§ TRY IT
After locating the line with "#15=CARTESIAN_POINT('',(0.,0.,0.));" in the data that follows, return it and every later line exactly, up to and including the line with "#22=AXIS2_PLACEMENT_3D('',#19,#20,#21);".

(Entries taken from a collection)
▽

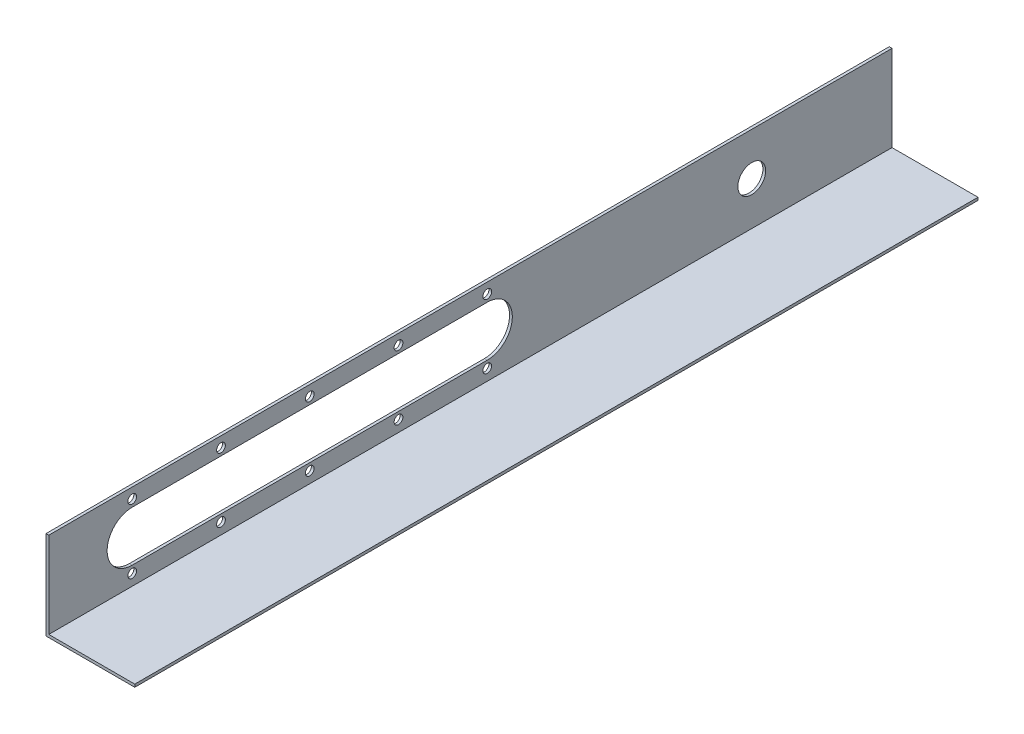
ISO-10303-21;
HEADER;
FILE_DESCRIPTION(('STEP AP214'),'2;1');
FILE_NAME('part.step','',(''),(''),'','','');
FILE_SCHEMA(('AUTOMOTIVE_DESIGN { 1 0 10303 214 1 1 1 1 }'));
ENDSEC;
DATA;
#1=APPLICATION_CONTEXT('core data for automotive mechanical design processes');
#2=APPLICATION_PROTOCOL_DEFINITION('international standard','automotive_design',2000,#1);
#3=PRODUCT_CONTEXT('',#1,'mechanical');
#4=PRODUCT('Part','Part','',(#3));
#5=PRODUCT_RELATED_PRODUCT_CATEGORY('part','',(#4));
#6=PRODUCT_DEFINITION_FORMATION('','',#4);
#7=PRODUCT_DEFINITION_CONTEXT('part definition',#1,'design');
#8=PRODUCT_DEFINITION('design','',#6,#7);
#9=PRODUCT_DEFINITION_SHAPE('','',#8);
#10=(LENGTH_UNIT() NAMED_UNIT(*) SI_UNIT(.MILLI.,.METRE.));
#11=(NAMED_UNIT(*) PLANE_ANGLE_UNIT() SI_UNIT($,.RADIAN.));
#12=(NAMED_UNIT(*) SI_UNIT($,.STERADIAN.) SOLID_ANGLE_UNIT());
#13=UNCERTAINTY_MEASURE_WITH_UNIT(LENGTH_MEASURE(1.E-05),#10,'distance_accuracy_value','');
#14=(GEOMETRIC_REPRESENTATION_CONTEXT(3) GLOBAL_UNCERTAINTY_ASSIGNED_CONTEXT((#13)) GLOBAL_UNIT_ASSIGNED_CONTEXT((#10,
#11,#12)) REPRESENTATION_CONTEXT('',''));
#15=CARTESIAN_POINT('',(0.,0.,0.));
#16=DIRECTION('',(0.,0.,1.));
#17=DIRECTION('',(1.,0.,0.));
#18=AXIS2_PLACEMENT_3D('',#15,#16,#17);
#19=CARTESIAN_POINT('',(0.,0.,482.6));
#20=DIRECTION('',(-1.,0.,0.));
#21=DIRECTION('',(0.,-1.,0.));
#22=AXIS2_PLACEMENT_3D('',#19,#20,#21);
#23=PLANE('',#22);
#24=CARTESIAN_POINT('',(0.,43.2435,434.848));
#25=DIRECTION('',(1.,0.,0.));
#26=DIRECTION('',(0.,0.,-1.));
#27=AXIS2_PLACEMENT_3D('',#24,#25,#26);
#28=CIRCLE('',#27,2.499999953);
#29=CARTESIAN_POINT('',(0.,43.2435,432.348000047));
#30=VERTEX_POINT('',#29);
#31=EDGE_CURVE('E321',#30,#30,#28,.T.);
#32=ORIENTED_EDGE('',*,*,#31,.F.);
#33=EDGE_LOOP('',(#32));
#34=FACE_BOUND('',#33,.T.);
#35=CARTESIAN_POINT('',(0.,43.2435,384.048));
#36=DIRECTION('',(1.,0.,0.));
#37=DIRECTION('',(0.,0.,-1.));
#38=AXIS2_PLACEMENT_3D('',#35,#36,#37);
#39=CIRCLE('',#38,2.499999953);
#40=CARTESIAN_POINT('',(0.,43.2435,381.548000047));
#41=VERTEX_POINT('',#40);
#42=EDGE_CURVE('E317',#41,#41,#39,.T.);
#43=ORIENTED_EDGE('',*,*,#42,.F.);
#44=EDGE_LOOP('',(#43));
#45=FACE_BOUND('',#44,.T.);
#46=CARTESIAN_POINT('',(0.,43.2435,282.448));
#47=DIRECTION('',(1.,0.,0.));
#48=DIRECTION('',(0.,0.,-1.));
#49=AXIS2_PLACEMENT_3D('',#46,#47,#48);
#50=CIRCLE('',#49,2.499999953);
#51=CARTESIAN_POINT('',(0.,43.2435,279.948000047));
#52=VERTEX_POINT('',#51);
#53=EDGE_CURVE('E309',#52,#52,#50,.T.);
#54=ORIENTED_EDGE('',*,*,#53,.F.);
#55=EDGE_LOOP('',(#54));
#56=FACE_BOUND('',#55,.T.);
#57=CARTESIAN_POINT('',(0.,43.2435,231.648));
#58=DIRECTION('',(1.,0.,0.));
#59=DIRECTION('',(0.,0.,-1.));
#60=AXIS2_PLACEMENT_3D('',#57,#58,#59);
#61=CIRCLE('',#60,2.499999953);
#62=CARTESIAN_POINT('',(0.,43.2435,229.148000047));
#63=VERTEX_POINT('',#62);
#64=EDGE_CURVE('E305',#63,#63,#61,.T.);
#65=ORIENTED_EDGE('',*,*,#64,.F.);
#66=EDGE_LOOP('',(#65));
#67=FACE_BOUND('',#66,.T.);
#68=CARTESIAN_POINT('',(0.,6.4135,231.648));
#69=DIRECTION('',(1.,0.,0.));
#70=DIRECTION('',(0.,0.,-1.));
#71=AXIS2_PLACEMENT_3D('',#68,#69,#70);
#72=CIRCLE('',#71,2.499999953);
#73=CARTESIAN_POINT('',(0.,6.4135,229.148000047));
#74=VERTEX_POINT('',#73);
#75=EDGE_CURVE('E301',#74,#74,#72,.T.);
#76=ORIENTED_EDGE('',*,*,#75,.F.);
#77=EDGE_LOOP('',(#76));
#78=FACE_BOUND('',#77,.T.);
#79=CARTESIAN_POINT('',(0.,6.41349999999999,282.448));
#80=DIRECTION('',(1.,0.,0.));
#81=DIRECTION('',(0.,0.,-1.));
#82=AXIS2_PLACEMENT_3D('',#79,#80,#81);
#83=CIRCLE('',#82,2.499999953);
#84=CARTESIAN_POINT('',(0.,6.41349999999999,279.948000047));
#85=VERTEX_POINT('',#84);
#86=EDGE_CURVE('E297',#85,#85,#83,.T.);
#87=ORIENTED_EDGE('',*,*,#86,.F.);
#88=EDGE_LOOP('',(#87));
#89=FACE_BOUND('',#88,.T.);
#90=CARTESIAN_POINT('',(0.,6.41349999999999,384.048));
#91=DIRECTION('',(1.,0.,0.));
#92=DIRECTION('',(0.,0.,-1.));
#93=AXIS2_PLACEMENT_3D('',#90,#91,#92);
#94=CIRCLE('',#93,2.499999953);
#95=CARTESIAN_POINT('',(0.,6.41349999999999,381.548000047));
#96=VERTEX_POINT('',#95);
#97=EDGE_CURVE('E289',#96,#96,#94,.T.);
#98=ORIENTED_EDGE('',*,*,#97,.F.);
#99=EDGE_LOOP('',(#98));
#100=FACE_BOUND('',#99,.T.);
#101=CARTESIAN_POINT('',(0.,6.41349999999999,434.848));
#102=DIRECTION('',(1.,0.,0.));
#103=DIRECTION('',(0.,0.,-1.));
#104=AXIS2_PLACEMENT_3D('',#101,#102,#103);
#105=CIRCLE('',#104,2.499999953);
#106=CARTESIAN_POINT('',(0.,6.41349999999999,432.348000047));
#107=VERTEX_POINT('',#106);
#108=EDGE_CURVE('E285',#107,#107,#105,.T.);
#109=ORIENTED_EDGE('',*,*,#108,.F.);
#110=EDGE_LOOP('',(#109));
#111=FACE_BOUND('',#110,.T.);
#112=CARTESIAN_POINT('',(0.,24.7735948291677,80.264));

△

§ OUTPUT BELOW
#15=CARTESIAN_POINT('',(0.,0.,0.));
#16=DIRECTION('',(0.,0.,1.));
#17=DIRECTION('',(1.,0.,0.));
#18=AXIS2_PLACEMENT_3D('',#15,#16,#17);
#19=CARTESIAN_POINT('',(0.,0.,482.6));
#20=DIRECTION('',(-1.,0.,0.));
#21=DIRECTION('',(0.,-1.,0.));
#22=AXIS2_PLACEMENT_3D('',#19,#20,#21);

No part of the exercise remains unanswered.